Understand what the interviewer is asking for by using test cases and questions about the problem.

• Established a set (2-3) of test cases to verify their own solution later.
• Established a set (1-2) of edge cases to verify their solution handles complexities.
• Have fully understood the problem and have no clarifying questions.
• Have you verified any Time/Space Constraints for this problem?
• Can you rob all the houses on the street?
• They can rob any of the houses on the street...if there were no alarms in the houses.
• Is there a greedy way of making choices in which the overall profit is maximized?
• There is no greedy way of deciding if the robber should rob a house or not.
• Can a robber come back and rob the same house they rejected?
• Technically, a robber can come back and rob a house that they previously rejected. However, since we are trying all options, we will not go back and rob an unrobbed house since that scenario will be covered in a different recursive path.
``````EXAMPLE CASE
Input: nums = [1,2,3,1]
Output: 4

Input: nums = [2,7,9,3,1]
Output: 12``````

## 2: M-atch

Match what this problem looks like to known categories of problems, e.g. Linked List or Dynamic Programming, and strategies or patterns in those categories.

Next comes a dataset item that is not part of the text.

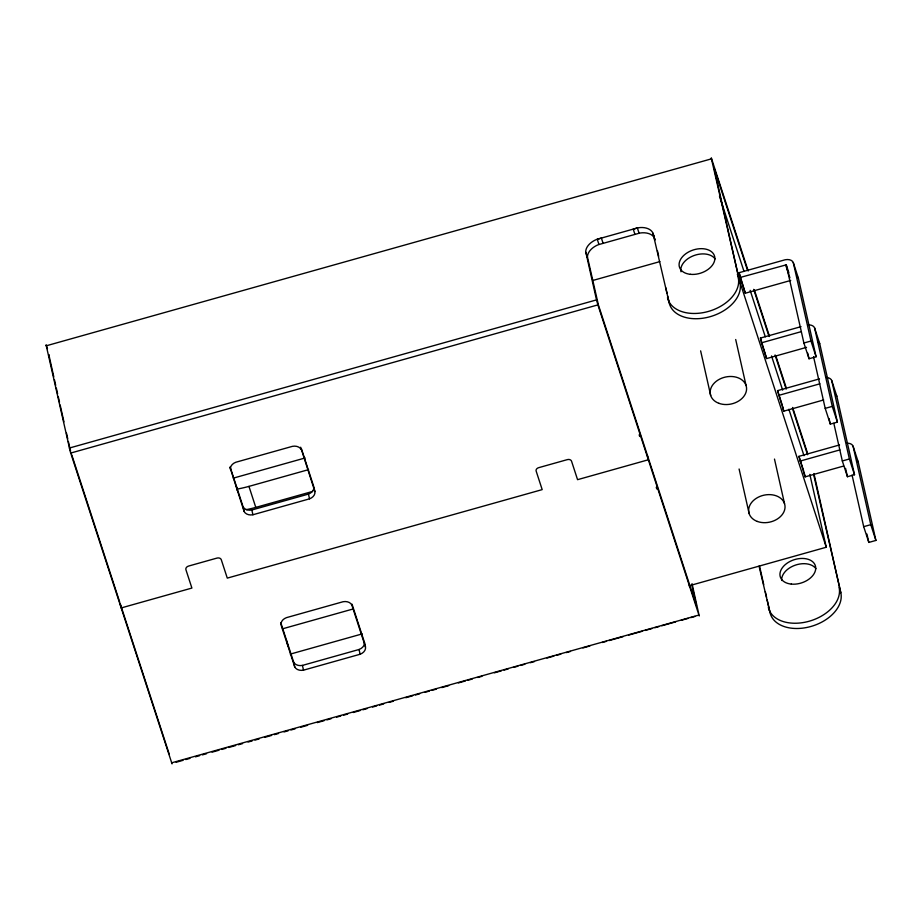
<?xml version="1.0" encoding="UTF-8"?>
<svg xmlns="http://www.w3.org/2000/svg" width="922" height="922" viewBox="0 0 922 922"><rect width="100%" height="100%" fill="white"/><g stroke="black" fill="none" stroke-linecap="round" stroke-linejoin="round"><path stroke-width="1.38" d="M48.889 354.878L53.799 376.879M691.811 585.032L696.444 605.823L598.424 305.032L587.418 256.927A16.262 10.753 -18 0 1 598.297 244.71L639.764 233.059A16.262 10.753 -18 0 1 653.583 236.666M172.045 763.889L70.337 451.884L46.273 345.796L711.45 158.849L711.288 157.881L748.203 270.987M592.662 280.507L659.887 261.606M69.311 448.057L596.511 299.892L585.712 251.683A16.262 10.753 -18 0 1 596.58 239.466L601.386 238.072L603.092 243.316M70.706 453.059L597.894 304.894L699.233 615.965L692.03 583.661M740.205 277.453L739.133 272.693L785.129 259.774A8.275 5.474 -18 0 1 793.277 262.54L798.406 278.294L816.097 356.768L809.02 358.762L803.892 343.007L786.224 264.856L740.205 277.453L745.333 293.208L790.719 280.449M233.278 478.149L305.147 457.957M806.531 347.352L766.643 358.566L761.514 342.811L760.443 338.051L801.022 326.653M237.012 489.121A94.309 62.339 -18 0 0 248.952 486.39L308.547 469.644M761.514 342.811L801.402 331.597M803.892 343.007L810.968 341.025L793.277 262.54M246.243 509.67A94.309 62.339 -18 0 0 255.786 507.4L312.604 491.426M230.235 467.35L243.062 506.731A8.275 6.2 -12.7 0 0 251.844 509.993L308.455 494.088A8.275 6.2 -12.7 0 0 313.826 486.851L301.425 448.784M229.924 467.108L244.134 511.491A8.275 6.2 -12.7 0 0 252.916 514.753L309.527 498.837A8.275 6.2 -12.7 0 0 314.898 491.599L314.091 488.038M823.646 399.952L783.758 411.166L777.557 390.651L819.497 378.873M778.629 395.411L819.889 383.817M814.587 327.898L819.716 343.641L837.395 422.126L830.319 424.12L825.202 408.365L832.278 406.383L814.587 327.898A8.275 5.474 -18 0 0 808.248 324.901M843.653 466.036L805.137 476.858L798.936 456.355L839.527 444.946M800.008 461.115L839.896 449.901M831.702 380.498L836.83 396.241L854.521 474.726L847.445 476.72L842.316 460.965L849.393 458.983L831.702 380.498A8.275 5.474 -18 0 0 826.25 377.49M282.42 628.85L353.103 608.981M290.315 654.101L362.208 633.898M280.83 622.765L293.657 662.146A8.275 6.2 -12.7 0 0 302.439 665.407L359.05 649.491A8.275 6.2 -12.7 0 0 364.421 642.254L357.586 621.255M365.492 647.014L351.812 605.005A8.275 6.2 -12.7 0 0 343.03 601.743L286.419 617.659A8.275 6.2 -12.7 0 0 281.049 624.897L294.729 666.906A8.275 6.2 -12.7 0 0 303.511 670.167L360.122 654.251A8.275 6.2 -12.7 0 0 365.492 647.014L364.421 642.254M853.081 446.19L858.209 461.945L875.9 540.43L868.824 542.424L863.695 526.669L870.771 524.676L853.081 446.19A8.275 5.474 -18 0 0 846.753 443.194M689.045 585.804L826.262 547.242L809.839 474.369M698.876 615.066L171.561 762.84M176.114 762.275L183.029 760.327M185.795 759.555L189.944 758.38M195.487 756.824L199.636 755.66M202.402 754.888L206.551 753.712M212.083 752.156L219.01 750.22M221.776 749.436L225.925 748.272M228.691 747.5L235.606 745.552M238.372 744.769L242.532 743.605M248.064 742.049L252.213 740.885M254.979 740.101L259.128 738.937M264.672 737.381L271.587 735.433M274.353 734.661L278.502 733.497M284.045 731.941L288.194 730.777M290.96 729.994L295.109 728.829M300.641 727.274L307.568 725.326M317.249 722.606L324.164 720.658M326.93 719.886L331.09 718.722M336.622 717.166L340.771 715.991M343.537 715.218L347.686 714.054M353.23 712.499L360.145 710.551M362.911 709.767L367.06 708.603M372.592 707.047L376.752 705.883M379.518 705.111L383.667 703.935M389.199 702.38L393.348 701.216M405.807 697.712L412.722 695.776M415.488 694.992L419.648 693.828M425.18 692.272L429.329 691.108M432.095 690.324L436.244 689.16M441.788 687.605L448.703 685.657M458.384 682.937L465.31 680.989M468.076 680.217L472.225 679.053M477.757 677.497L481.906 676.333M494.365 672.829L501.28 670.882M504.046 670.11L508.195 668.934M513.738 667.378L517.887 666.214M520.653 665.442L524.802 664.266M530.334 662.722L534.495 661.547M546.942 658.054L553.857 656.107M556.634 655.323L560.783 654.159M566.315 652.603L570.464 651.439M582.923 647.936L589.838 645.999M602.297 642.496L606.446 641.332M609.212 640.548L623.053 636.664M628.585 635.108L642.415 631.213M645.193 630.441L652.108 628.493M654.874 627.721L659.023 626.545M661.789 625.773L675.63 621.877M681.162 620.333L688.077 618.385M690.855 617.602L695.004 616.438M786.27 264.902L788.875 272.831M48.912 354.866L49.373 356.053M169.141 753.839L120.056 603.195L121.128 607.955L191.903 588.063L185.91 569.681A3.7 2.778 -12.7 0 1 188.595 566.062L216.9 558.11A3.619 2.708 -12.7 0 1 221.292 559.746L227.285 578.117L542.182 489.617L536.201 471.234A3.458 2.593 -12.7 0 1 538.886 467.615L567.191 459.663A3.538 2.651 -12.7 0 1 571.582 461.3L577.564 479.671L648.327 459.778L647.256 455.03M654.689 238.51L655.104 239.628M810.968 341.025L816.097 356.768M832.278 406.383L837.395 422.126M849.393 458.983L854.521 474.726M870.771 524.676L875.9 540.43M785.556 264.706L789.9 277.81M754.427 290.096L769.524 336.495M775.748 355.604L786.408 388.346M792.632 407.455L807.741 453.855M747.477 270.227L714.077 167.919L739.963 283.008A36.788 24.318 -18 0 1 709.94 316.742A36.788 24.318 -18 0 1 669.199 302.9L652.972 233.254L654.251 237.196M753.7 289.358L768.833 335.815M775.056 354.947L786.178 389.107M792.413 408.239L807.534 454.707M719.471 196.063L743.939 271.218M750.162 290.349L765.295 336.807M771.518 355.938L782.64 390.11M788.875 409.241L803.996 455.699M739.133 272.693L745.333 293.208M760.443 338.051L766.643 358.566M777.557 390.651L782.259 405.092M798.936 456.355L803.638 470.796M737.346 274.122L826.262 547.242M711.45 158.849L739.963 283.008M813.688 474.772L840.818 592.777A36.788 24.318 -18 0 1 810.795 626.511A36.788 24.318 -18 0 1 770.054 612.669L759.037 566.131M654.885 239.974L652.811 232.817A16.262 10.753 -18 0 0 638.059 227.803L633.23 229.117L634.935 234.372M639.073 233.208L637.367 227.953L597.249 239.236L598.954 244.48M585.747 252.155L587.452 257.399M352.031 604.187L357.16 619.941M300.687 447.216L314.898 491.599M248.952 486.39L255.786 507.4M47.471 348.77L46.1 344.828L46.273 345.796M71.789 454.915L119.618 601.836M597.894 304.894L596.511 299.892M656.764 488.96L656.257 487.335M639.661 436.452L639.165 434.827M71.34 453.555L70.971 452.379M70.579 451.008L69.957 448.553M813.942 473.539L840.818 592.777M866.934 534.057L868.824 542.424M852.066 475.084L863.695 526.669M845.555 468.353L847.445 476.72M833.834 423.325L842.316 460.965M829.062 418.542L830.319 424.12M813.573 356.779L825.202 408.365M807.764 353.184L809.02 358.762M804.065 472.11L805.137 476.858M782.686 406.406L783.758 411.166M774.48 459.064L784.53 503.677M735.698 339.515L746.071 385.546M739.098 469.01L749.148 513.623M759.636 566.465L763.739 584.663M765.318 591.67L766.574 597.272M767.208 600.072L770.054 612.669M700.628 350.856L710.689 395.492M657.444 250.772L658.665 256.189M665.788 287.756L667.021 293.265M667.643 296.02L669.199 302.9M359.05 649.491L360.122 654.251M308.455 494.088L309.527 498.837M302.439 665.407L303.511 670.167M293.657 662.146L294.729 666.906M286.823 641.147L287.895 645.896M251.844 509.993L252.916 514.753M243.062 506.731L244.134 511.491M236.216 485.733L237.288 490.492M54.433 379.691L55.7 385.315M56.334 388.127L57.602 393.752M58.236 396.552L59.504 402.176M60.137 404.988L63.941 421.85M66.465 433.098L67.732 438.722M68.366 441.523L69.634 447.147M781.683 580.48A18.394 12.159 -18 0 1 795.317 565.151A18.394 12.159 -18 0 1 815.935 568.69M839.101 587.533A36.788 24.318 -18 0 1 809.078 621.255A36.788 24.318 -18 0 1 768.337 607.425M680.989 271.771A18.394 12.159 -18 0 1 693.713 255.648A18.394 12.159 -18 0 1 715.08 258.909M738.245 277.764A36.788 24.318 -18 0 1 708.223 311.486A36.788 24.318 -18 0 1 667.482 297.645M230.454 469.482A8.275 6.2 -12.7 0 1 235.825 462.245L292.435 446.34A8.275 6.2 -12.7 0 1 301.217 449.602M835.701 394.708A8.275 5.474 -18 0 1 836.83 396.241M797.288 276.75A8.275 5.474 -18 0 1 797.749 277.222M798.129 277.729A8.275 5.474 -18 0 1 798.406 278.294M818.033 341.705A8.275 5.474 -18 0 1 819.716 343.641M857.091 460.412A8.275 5.474 -18 0 1 858.209 461.945M791.307 584.099A18.394 12.159 -18 0 0 815.521 566.339A18.394 12.159 -18 0 0 786.662 563.503A18.394 12.159 -18 0 0 791.307 584.099M690.451 274.33A18.394 12.159 -18 0 0 714.665 256.57A18.394 12.159 -18 0 0 685.807 253.734A18.394 12.159 -18 0 0 690.451 274.33M718.895 403.317A18.394 13.772 -12.7 0 0 746.578 389.107A18.394 13.772 -12.7 0 0 719.667 379.126A18.394 13.772 -12.7 0 0 718.895 403.317M757.354 521.449A18.394 13.772 -12.7 0 0 785.037 507.238A18.394 13.772 -12.7 0 0 758.138 497.258A18.394 13.772 -12.7 0 0 757.354 521.449"/></g></svg>
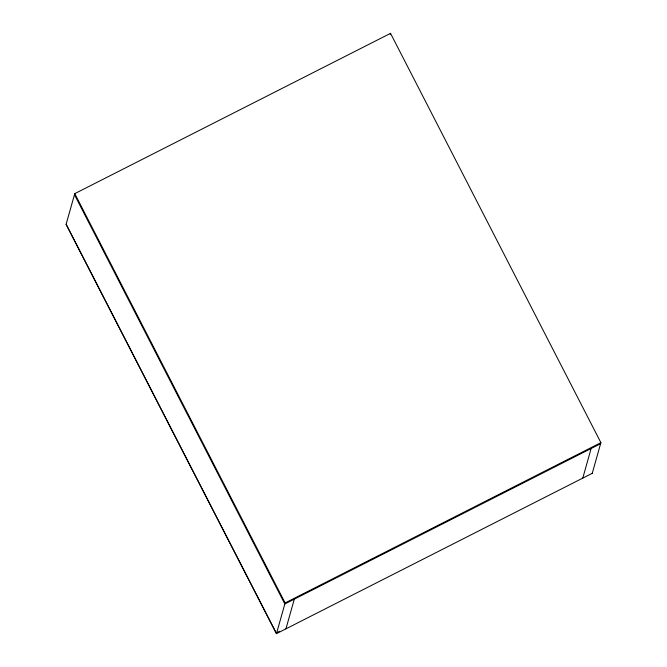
<?xml version="1.0" encoding="UTF-8"?>
<svg xmlns="http://www.w3.org/2000/svg" width="667" height="667" viewBox="0 0 667 667"><rect width="100%" height="100%" fill="white"/><g stroke="black" fill="none" stroke-linecap="round" stroke-linejoin="round"><path stroke-width="1" d="M592.238 473.353L600.892 442.655L390.537 33.35L74.762 193.647L66.108 224.345L276.463 633.65L592.254 473.295M390.253 34.376L390.537 33.35M276.463 633.65L285.117 602.96L74.762 193.647M285.935 628.839L294.305 599.174M582.766 478.156L591.129 448.491M285.117 602.96L600.892 442.655M600.608 443.68L284.826 603.977L74.471 194.672M277.755 632.224L279.615 631.282M66.125 224.287L276.48 633.592"/></g></svg>

The dynamic programming approach can be used here. Every DP solution has a table that we populate starting with the base case or the simplest of cases for which we already know the answer. E.g. for our problem, we know that in the absence of houses, the robber will make 0 profit. Similarly, if there is just one house left to rob, the robber will rob that house, and that will be the maximum profit.

## 3: P-lan

Plan the solution with appropriate visualizations and pseudocode.

We start by populating the dynamic programming table with these initial values and then build the table in a bottom-up fashion which is the essence of this solution.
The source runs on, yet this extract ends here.